Join Kathy Fish and Nancy Stohlman in June, 2020 us for a one of a kind writing retreat in the French countryside where for the first time we will combine two popular online workshops: This “live” version of Kathy’s Fast Flash class dives even deeper into the nuances of the flash fiction story itself and Nancy’s Flash Novel class takes a wide-angle view of creating a larger book project. These generative sessions complement and build upon each other in a way that will take your writing to the next level.

AND we have scheduled our retreat to end approximately one week before the Flash Fiction Festival in Bristol (June 19-21, 2020), so it’s the perfect opportunity to do both!

Find out more!


Sound and Light: Penny Johnson on Winter Inspiration and Writing on the Road


We are delighted that Penny Johnson is going to be escaping the winter and joining us in the Blue Zone, Costa Rica, in March for some fantastic flash fiction and so much more!

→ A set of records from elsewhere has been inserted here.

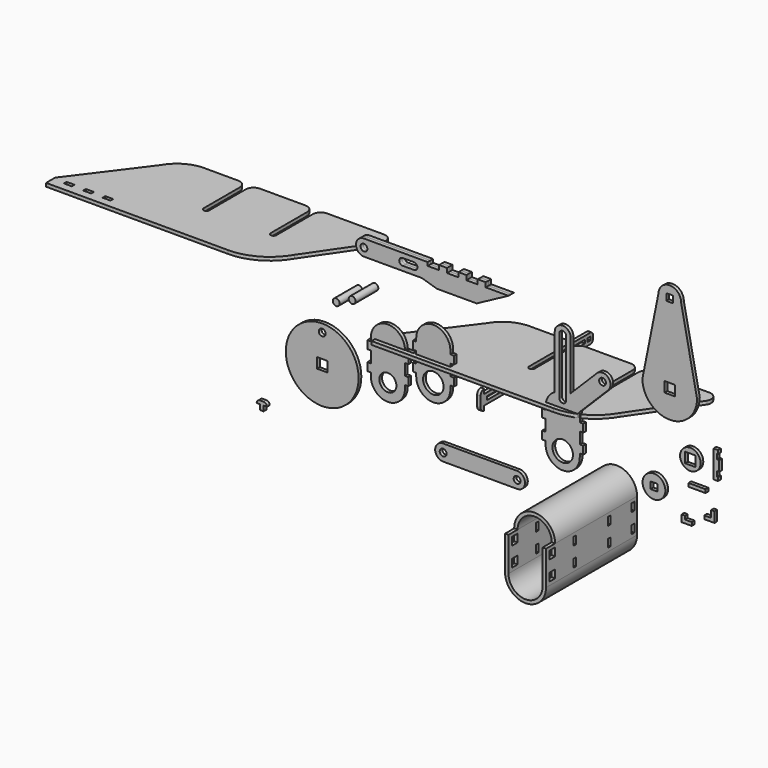
from build123d import *

# Parameters (mm, degrees)
F3_W      = 7
F3_H      = 3
F4_DEPTH  = 3
F2_W      = 7
F2_H      = 3
F5_DEPTH  = 3
F0_R      = 3
F6_DEPTH  = 3
F7_DEPTH  = 3
F8_R      = 9
F8_R_2    = 3
F9_DEPTH  = 3
F10_R     = 3
F11_DEPTH = 25
F12_R     = 3
F13_DEPTH = 25
F14_R     = 32
F14_W     = 9
F14_H     = 9
F14_R_2   = 3
F15_DEPTH = 3
F16_R     = 3
F17_DEPTH = 3
F18_R     = 10
F19_DEPTH = 100
F21_DEPTH = 100
F22_W     = 10
F22_H     = 18
F22_W_2   = 6
F22_H_2   = 7
F22_W_3   = 3
F23_DEPTH = 549.1479035941
F24_R     = 9
F25_DEPTH = 3
F1_R      = 7.5
F26_DEPTH = 3
F27_W     = 21
F27_H     = 3
F27_W_2   = 6
F27_W_3   = 18
F27_W_4   = 3
F28_DEPTH = 3
F29_R     = 3
F30_W     = 9
F30_H     = 9
F30_W_2   = 6
F30_H_2   = 6
F31_DEPTH = 3
F32_R     = 9
F32_W     = 9
F32_H     = 9
F33_DEPTH = 3
F35_DEPTH = 3
F36_DEPTH = 9
F38_DEPTH = 3
F40_W     = 3
F40_H     = 3
F41_DEPTH = 3
F43_DEPTH = 3
F45_DEPTH = 3
F46_W     = 15
F46_H     = 3
F47_DEPTH = 3
F48_R     = 10
F48_W     = 6
F48_H     = 6
F49_DEPTH = 3


# Not quite as in the source:
# - a feature names something its author has since deleted; it is built from what else it names


with BuildPart() as f4:
    # F3 (on Top) → F4 (new body)
    with BuildSketch(Plane.XY):
        with BuildLine():
            Line((-372.4580572146, 47.2241180668), (-372.4580572146, 37.2241180668))
            Line((-372.4580572146, 37.2241180668), (-212.4580572146, 37.2241180668))
            ThreePointArc((-212.4580572146, 37.2241180668), (-189.4580572146, 43.3869494928), (-172.6208886405, 60.2241180668))
            Line((-172.6208886405, 60.2241180668), (-137.4151172746, 111.7241180668))
            ThreePointArc((-137.4151172746, 111.7241180668), (-137.4151172746, 118.7241180668), (-143.4772951011, 122.2241180668))
            Line((-143.4772951011, 122.2241180668), (-193.4772951011, 122.2241180668))
            ThreePointArc((-193.4772951011, 122.2241180668), (-198.4270425694, 120.1738655351), (-200.4772951011, 115.2241180668))
            Line((-200.4772951011, 115.2241180668), (-200.4772951011, 75.2241180668))
            ThreePointArc((-200.4772951011, 75.2241180668), (-202.9772951011, 72.7241180668), (-205.4772951011, 75.2241180668))
            Line((-205.4772951011, 75.2241180668), (-205.4772951011, 115.2241180668))
            ThreePointArc((-205.4772951011, 115.2241180668), (-207.5275476328, 120.1738655351), (-212.4772951011, 122.2241180668))
            Line((-212.4772951011, 122.2241180668), (-252.4772951011, 122.2241180668))
            ThreePointArc((-252.4772951011, 122.2241180668), (-257.4270425694, 120.1738655351), (-259.4772951011, 115.2241180668))
            Line((-259.4772951011, 115.2241180668), (-259.4772951011, 75.2241180668))
            ThreePointArc((-259.4772951011, 75.2241180668), (-261.9772951011, 72.7241180668), (-264.4772951011, 75.2241180668))
            Line((-264.4772951011, 75.2241180668), (-264.4772951011, 115.2241180668))
            ThreePointArc((-264.4772951011, 115.2241180668), (-266.5275476328, 120.1738655351), (-271.4772951011, 122.2241180668))
            Line((-271.4772951011, 122.2241180668), (-301.4772951011, 122.2241180668))
            ThreePointArc((-301.4772951011, 122.2241180668), (-316.4772951011, 118.2048801804), (-327.4580572146, 107.2241180668))
            Line((-327.4580572146, 107.2241180668), (-372.4580572146, 47.2241180668))
        make_face()
        with Locations((-358.9580572146, 45.7241180668)):
            Rectangle(F3_W, F3_H, mode=Mode.SUBTRACT)
        with Locations((-341.9580572146, 45.7241180668)):
            Rectangle(F3_W, F3_H, mode=Mode.SUBTRACT)
        with Locations((-324.9580572146, 45.7241180668)):
            Rectangle(F3_W, F3_H, mode=Mode.SUBTRACT)
    extrude(amount=F4_DEPTH)


with BuildPart() as f5:
    # F2 (on Top) → F5 (new body)
    with BuildSketch(Plane.XY):
        with BuildLine():
            Line((-51.2112602569, 3.1967771862), (-51.2112602569, -6.8032228138))
            Line((-51.2112602569, -6.8032228138), (108.7887397431, -6.8032228138))
            ThreePointArc((108.7887397431, -6.8032228138), (131.7887397431, -0.6403913879), (148.6259083172, 16.1967771862))
            Line((148.6259083172, 16.1967771862), (183.8316796831, 67.6967771862))
            ThreePointArc((183.8316796831, 67.6967771862), (183.8316796831, 74.6967771862), (177.7695018566, 78.1967771862))
            Line((177.7695018566, 78.1967771862), (127.7695018566, 78.1967771862))
            ThreePointArc((127.7695018566, 78.1967771862), (122.8197543883, 76.1465246545), (120.7695018566, 71.1967771862))
            Line((120.7695018566, 71.1967771862), (120.7695018566, 31.1967771862))
            ThreePointArc((120.7695018566, 31.1967771862), (118.2695018566, 28.6967771862), (115.7695018566, 31.1967771862))
            Line((115.7695018566, 31.1967771862), (115.7695018566, 71.1967771862))
            ThreePointArc((115.7695018566, 71.1967771862), (113.7192493249, 76.1465246545), (108.7695018566, 78.1967771862))
            Line((108.7695018566, 78.1967771862), (68.7695018566, 78.1967771862))
            ThreePointArc((68.7695018566, 78.1967771862), (63.8197543883, 76.1465246545), (61.7695018566, 71.1967771862))
            Line((61.7695018566, 71.1967771862), (61.7695018566, 31.1967771862))
            ThreePointArc((61.7695018566, 31.1967771862), (59.2695018566, 28.6967771862), (56.7695018566, 31.1967771862))
            Line((56.7695018566, 31.1967771862), (56.7695018566, 71.1967771862))
            ThreePointArc((56.7695018566, 71.1967771862), (54.7192493249, 76.1465246545), (49.7695018566, 78.1967771862))
            Line((49.7695018566, 78.1967771862), (19.7695018566, 78.1967771862))
            ThreePointArc((19.7695018566, 78.1967771862), (4.7695018566, 74.1775392997), (-6.2112602569, 63.1967771862))
            Line((-6.2112602569, 63.1967771862), (-51.2112602569, 3.1967771862))
        make_face()
        with Locations((-37.7112602569, -1.3032228138)):
            Rectangle(F2_W, F2_H, mode=Mode.SUBTRACT)
        with Locations((-20.7112602569, -1.3032228138)):
            Rectangle(F2_W, F2_H, mode=Mode.SUBTRACT)
        with Locations((-3.7112602569, -1.3032228138)):
            Rectangle(F2_W, F2_H, mode=Mode.SUBTRACT)
    extrude(amount=F5_DEPTH)


with BuildPart() as f6:
    # F0 (on Front) → F6 (new body)
    with BuildSketch(Plane.XZ):
        with BuildLine():
            Line((-9.9334669923, 77.5954357982), (-60.9334669923, 77.5954357982))
            ThreePointArc((-60.9334669923, 77.5954357982), (-67.9334669923, 70.5954357982), (-60.9334669923, 63.5954357982))
            Line((-60.9334669923, 63.5954357982), (-9.9334669923, 63.5954357982))
            Line((-9.9334669923, 63.5954357982), (3.0665330077, 59.5954357982))
            Line((3.0665330077, 59.5954357982), (38.0665330077, 59.5954357982))
            Line((38.0665330077, 59.5954357982), (66.0665330077, 74.5954357982))
            Line((66.0665330077, 74.5954357982), (46.0665330077, 74.5954357982))
            Line((46.0665330077, 74.5954357982), (46.0665330077, 78.5954357982))
            Line((46.0665330077, 78.5954357982), (39.0665330077, 78.5954357982))
            Line((39.0665330077, 78.5954357982), (39.0665330077, 74.5954357982))
            Line((39.0665330077, 74.5954357982), (29.0665330077, 74.5954357982))
            Line((29.0665330077, 74.5954357982), (29.0665330077, 78.5954357982))
            Line((29.0665330077, 78.5954357982), (22.0665330077, 78.5954357982))
            Line((22.0665330077, 78.5954357982), (22.0665330077, 74.5954357982))
            Line((22.0665330077, 74.5954357982), (12.0665330077, 74.5954357982))
            Line((12.0665330077, 74.5954357982), (12.0665330077, 78.5954357982))
            Line((12.0665330077, 78.5954357982), (5.0665330077, 78.5954357982))
            Line((5.0665330077, 78.5954357982), (5.0665330077, 74.5954357982))
            Line((5.0665330077, 74.5954357982), (-4.9334669923, 74.5954357982))
            Line((-4.9334669923, 74.5954357982), (-4.9334669923, 77.5954357982))
            Line((-4.9334669923, 77.5954357982), (-9.9334669923, 77.5954357982))
        make_face()
        with Locations((-60.9334669923, 70.5954357982)):
            Circle(F0_R, mode=Mode.SUBTRACT)
        with BuildLine():
            ThreePointArc((-26.8621548395, 67.5954357982), (-29.9343144432, 70.5954357982), (-26.8621548395, 73.5954357982))
            Line((-26.8621548395, 73.5954357982), (-16.9334669923, 73.5954357982))
            ThreePointArc((-16.9334669923, 73.5954357982), (-13.9334669923, 70.5954357982), (-16.9334669923, 67.5954357982))
            Line((-16.9334669923, 67.5954357982), (-26.8621548395, 67.5954357982))
        make_face(mode=Mode.SUBTRACT)
    extrude(amount=F6_DEPTH)


with BuildPart() as f7:
    # F0 (on Front) → F7 (new body)
    with BuildSketch(Plane.XZ):
        with BuildLine():
            Line((-9.9334669923, 77.5954357982), (-60.9334669923, 77.5954357982))
            ThreePointArc((-60.9334669923, 77.5954357982), (-67.9334669923, 70.5954357982), (-60.9334669923, 63.5954357982))
            Line((-60.9334669923, 63.5954357982), (-9.9334669923, 63.5954357982))
            Line((-9.9334669923, 63.5954357982), (3.0665330077, 59.5954357982))
            Line((3.0665330077, 59.5954357982), (38.0665330077, 59.5954357982))
            Line((38.0665330077, 59.5954357982), (66.0665330077, 74.5954357982))
            Line((66.0665330077, 74.5954357982), (46.0665330077, 74.5954357982))
            Line((46.0665330077, 74.5954357982), (46.0665330077, 78.5954357982))
            Line((46.0665330077, 78.5954357982), (39.0665330077, 78.5954357982))
            Line((39.0665330077, 78.5954357982), (39.0665330077, 74.5954357982))
            Line((39.0665330077, 74.5954357982), (29.0665330077, 74.5954357982))
            Line((29.0665330077, 74.5954357982), (29.0665330077, 78.5954357982))
            Line((29.0665330077, 78.5954357982), (22.0665330077, 78.5954357982))
            Line((22.0665330077, 78.5954357982), (22.0665330077, 74.5954357982))
            Line((22.0665330077, 74.5954357982), (12.0665330077, 74.5954357982))
            Line((12.0665330077, 74.5954357982), (12.0665330077, 78.5954357982))
            Line((12.0665330077, 78.5954357982), (5.0665330077, 78.5954357982))
            Line((5.0665330077, 78.5954357982), (5.0665330077, 74.5954357982))
            Line((5.0665330077, 74.5954357982), (-4.9334669923, 74.5954357982))
            Line((-4.9334669923, 74.5954357982), (-4.9334669923, 77.5954357982))
            Line((-4.9334669923, 77.5954357982), (-9.9334669923, 77.5954357982))
        make_face()
        with Locations((-60.9334669923, 70.5954357982)):
            Circle(F0_R, mode=Mode.SUBTRACT)
        with BuildLine():
            ThreePointArc((-26.8621548395, 67.5954357982), (-29.9343144432, 70.5954357982), (-26.8621548395, 73.5954357982))
            Line((-26.8621548395, 73.5954357982), (-16.9334669923, 73.5954357982))
            ThreePointArc((-16.9334669923, 73.5954357982), (-13.9334669923, 70.5954357982), (-16.9334669923, 67.5954357982))
            Line((-16.9334669923, 67.5954357982), (-26.8621548395, 67.5954357982))
        make_face(mode=Mode.SUBTRACT)
    extrude(amount=-F7_DEPTH)


with BuildPart() as f9:
    # F8 (on Front) → F9 (new body)
    with BuildSketch(Plane.XZ):
        with BuildLine():
            Line((143.7687563849, 39.9497474683), (120.7185038532, 16.8994949366))
            Line((120.7185038532, 16.8994949366), (120.7185038532, 60))
            ThreePointArc((120.7185038532, 60), (113.7185038532, 67), (106.7185038532, 60))
            Line((106.7185038532, 60), (106.7185038532, 13.2664991614))
            ThreePointArc((106.7185038532, 13.2664991614), (100.8732712746, 7.7459666924), (98.7185038532, 0))
            Line((98.7185038532, 0), (98.7185038532, -3))
            Line((98.7185038532, -3), (95.7185038532, -3))
            Line((95.7185038532, -3), (95.7185038532, -10))
            Line((95.7185038532, -10), (98.7185038532, -10))
            Line((98.7185038532, -10), (98.7185038532, -20))
            Line((98.7185038532, -20), (95.7185038532, -20))
            Line((95.7185038532, -20), (95.7185038532, -27))
            Line((95.7185038532, -27), (98.7185038532, -27))
            Line((98.7185038532, -27), (98.7185038532, -30))
            ThreePointArc((98.7185038532, -30), (113.7185038532, -45), (128.7185038532, -30))
            Line((128.7185038532, -30), (128.7185038532, -27))
            Line((128.7185038532, -27), (131.7185038532, -27))
            Line((131.7185038532, -27), (131.7185038532, -20))
            Line((131.7185038532, -20), (128.7185038532, -20))
            Line((128.7185038532, -20), (128.7185038532, -10))
            Line((128.7185038532, -10), (131.7185038532, -10))
            Line((131.7185038532, -10), (131.7185038532, -3))
            Line((131.7185038532, -3), (128.7185038532, -3))
            Line((128.7185038532, -3), (128.7185038532, 0))
            ThreePointArc((128.7185038532, 0), (128.5502044438, 2.2406823939), (128.0490828412, 4.4310840513))
            Line((128.0490828412, 4.4310840513), (153.6682513215, 30.0502525317))
            ThreePointArc((153.6682513215, 30.0502525317), (153.6682513215, 39.9497474683), (143.7687563849, 39.9497474683))
        make_face()
        with Locations((113.7185038532, -30)):
            Circle(F8_R, mode=Mode.SUBTRACT)
        with BuildLine():
            ThreePointArc((110.7185038532, 60), (113.7185038532, 63), (116.7185038532, 60))
            Line((116.7185038532, 60), (116.7185038532, 10))
            ThreePointArc((116.7185038532, 10), (113.7185038532, 7), (110.7185038532, 10))
            Line((110.7185038532, 10), (110.7185038532, 60))
        make_face(mode=Mode.SUBTRACT)
        with Locations((148.7185038532, 35)):
            Circle(F8_R_2, mode=Mode.SUBTRACT)
    extrude(amount=F9_DEPTH)


with BuildPart() as f11:
    # F10 (on Front) → F11 (new body)
    with BuildSketch(Plane.XZ):
        with Locations((-67.738763988, 35.0489877164)):
            Circle(F10_R)
    extrude(amount=F11_DEPTH)


with BuildPart() as f13:
    # F12 (on Front) → F13 (new body)
    with BuildSketch(Plane.XZ):
        with Locations((-53.7285208702, 41.2954054773)):
            Circle(F12_R)
    extrude(amount=F13_DEPTH)


with BuildPart() as f15:
    # F14 (on Front) → F15 (new body)
    with BuildSketch(Plane.XZ):
        with Locations((-97.6346167383, -32)):
            Circle(F14_R)
        with Locations((-97.6346167383, -32)):
            Rectangle(F14_W, F14_H, mode=Mode.SUBTRACT)
        with Locations((-97.6346167383, -7)):
            Circle(F14_R_2, mode=Mode.SUBTRACT)
    extrude(amount=F15_DEPTH)


with BuildPart() as f17:
    # F16 (on Front) → F17 (new body)
    with BuildSketch(Plane.XZ):
        with BuildLine():
            Line((73.6428722739, -58.3517984152), (8.6428722739, -58.3517984152))
            ThreePointArc((8.6428722739, -58.3517984152), (1.6428722739, -65.3517984152), (8.6428722739, -72.3517984152))
            Line((8.6428722739, -72.3517984152), (73.6428722739, -72.3517984152))
            ThreePointArc((73.6428722739, -72.3517984152), (80.6428722739, -65.3517984152), (73.6428722739, -58.3517984152))
        make_face()
        with Locations((8.6428722739, -65.3517984152)):
            Circle(F16_R, mode=Mode.SUBTRACT)
        with Locations((73.6428722739, -65.3517984152)):
            Circle(F16_R, mode=Mode.SUBTRACT)
    extrude(amount=F17_DEPTH)


with BuildPart() as f19:
    # F18 (on Front) → F19 (new body)
    with BuildSketch(Plane.XZ):
        with Locations((-45.5094501376, -58.8990114629)):
            Circle(F18_R)
    extrude(amount=F19_DEPTH)


with BuildPart() as f21:
    # F20 (on Front) → F21 (new body)
    with BuildSketch(Plane.XZ):
        with BuildLine():
            ThreePointArc((176.6888463795, -45.6750293076), (158.6888463795, -27.6750293076), (140.6888463795, -45.6750293076))
            Line((140.6888463795, -45.6750293076), (140.6888463795, -75.6750293076))
            ThreePointArc((140.6888463795, -75.6750293076), (158.6888463795, -93.6750293076), (176.6888463795, -75.6750293076))
            Line((176.6888463795, -75.6750293076), (176.6888463795, -45.6750293076))
        make_face()
        with BuildLine():
            Line((173.6888463795, -45.6750293076), (173.6888463795, -75.6750293076))
            ThreePointArc((173.6888463795, -75.6750293076), (158.6888463795, -90.6750293076), (143.6888463795, -75.6750293076))
            Line((143.6888463795, -75.6750293076), (143.6888463795, -45.6750293076))
            ThreePointArc((143.6888463795, -45.6750293076), (158.6888463795, -30.6750293076), (173.6888463795, -45.6750293076))
        make_face(mode=Mode.SUBTRACT)
    extrude(amount=F21_DEPTH)


with BuildPart() as f23_tool:
    # F22 (on face) → F23 (new body, through all)
    with BuildSketch(Plane.YZ.offset(176.6888463795)):
        with Locations((-95, -36.6750293076)):
            Rectangle(F22_W, F22_H)
        with Locations((-93, -52.1750293076)):
            Rectangle(F22_W_2, F22_H_2)
        with Locations((-93, -69.1750293076)):
            Rectangle(F22_W_2, F22_H_2)
        with Locations((-4.5, -52.1750293076)):
            Rectangle(F22_W_3, F22_H_2)
        with Locations((-4.5, -69.1750293076)):
            Rectangle(F22_W_3, F22_H_2)
        with Locations((-68.5, -52.1750293076)):
            Rectangle(F22_W_3, F22_H_2)
        with Locations((-30.5, -52.1750293076)):
            Rectangle(F22_W_3, F22_H_2)
        with Locations((-68.5, -69.1750293076)):
            Rectangle(F22_W_3, F22_H_2)
        with Locations((-30.5, -69.1750293076)):
            Rectangle(F22_W_3, F22_H_2)
    extrude(amount=-F23_DEPTH)


with BuildPart() as f19_1:
    add(f19.part)

    # F23: cut by f23_tool
    add(f23_tool.part, mode=Mode.SUBTRACT)


with BuildPart() as f21_1:
    add(f21.part)

    # F23: cut by f23_tool
    add(f23_tool.part, mode=Mode.SUBTRACT)


with BuildPart() as f25:
    # F24 (on Front) → F25 (new body)
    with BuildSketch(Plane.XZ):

Nancy Stohlman: The biggest challenge most writers have is finding the time to write. How do you “retreat” in your day-to-day life in order to honor your creativity?

Penny Johnson: Especially in the winter.  It takes determination to get up at 5 a.m. and put wood in the stove.  Take coffee to the computer.  Sit down and say:  I will write a sentence.  I cover up with a blanket, with slippers, with a stocking cap.   Once I can coerce my old, fat butt into the chair in front of the computer, my brain eases into the words, the sentences and I am not old, and I do not hurt.  By 8 a.m. the dark is shrinking off the snow and I need to go feed the horses, the goats but I want to write one more sentence…

Nancy: That sounds romantically amazing! And yes, you will definitely get to escape winter for a moment in Costa Rica! Tell us about your relationship with flash fiction?

Penny: Before there were blogs or WiFi I was an over the road truck driver with my husband.  In the truck stops I unplugged the phone at the drivers’ tables.  I plugged in my laptop.  I used HTML to put photos in.  I used my former son-in-law’s server.  We started a truck driving blog that was called “Penny’s Windshield.”  The connection was really unreliable.  My husband fended off the truck stop waitress.  I would hold my breath until I got connected, typed the entry, sent the photo and it intertwined and posted.  Most of the time I’d loose the connection once, sometimes six times.  I wrote from hand written notes.  I started dropping every possible word.  I aimed for cryptic, concise.  Every word had to work….

Nancy: Wow–I bet you have some amazing pieces from that time–how unique! So what is the best piece of writing advice you ever received?

Penny: Drop all passive words!  This isn’t really the advice but it is what it morphed into.

Nancy: What piece of your own writing are you most proud of?  Where can we read it (if it’s available)?

Penny: “Memories of a Female Truck Driver” is a fictional memoir.  It is the long version of the no longer available “Penny’s Windshield”.  I put it on Amazon for ninety nine cents.

Nancy: Have you ever been to Costa Rica before? What are you most looking forward to?

Penny: Costa Rica is new to me.  I crave new.  I love discovery.  I need adventure.  And then:  yoga, good food, writing, company, sunsets and dawns, bird calls I do not recognize!

Nancy: You will definitely get all of that! Maybe howler monkeys too–ha! So finally: tell us something we don’t know about you?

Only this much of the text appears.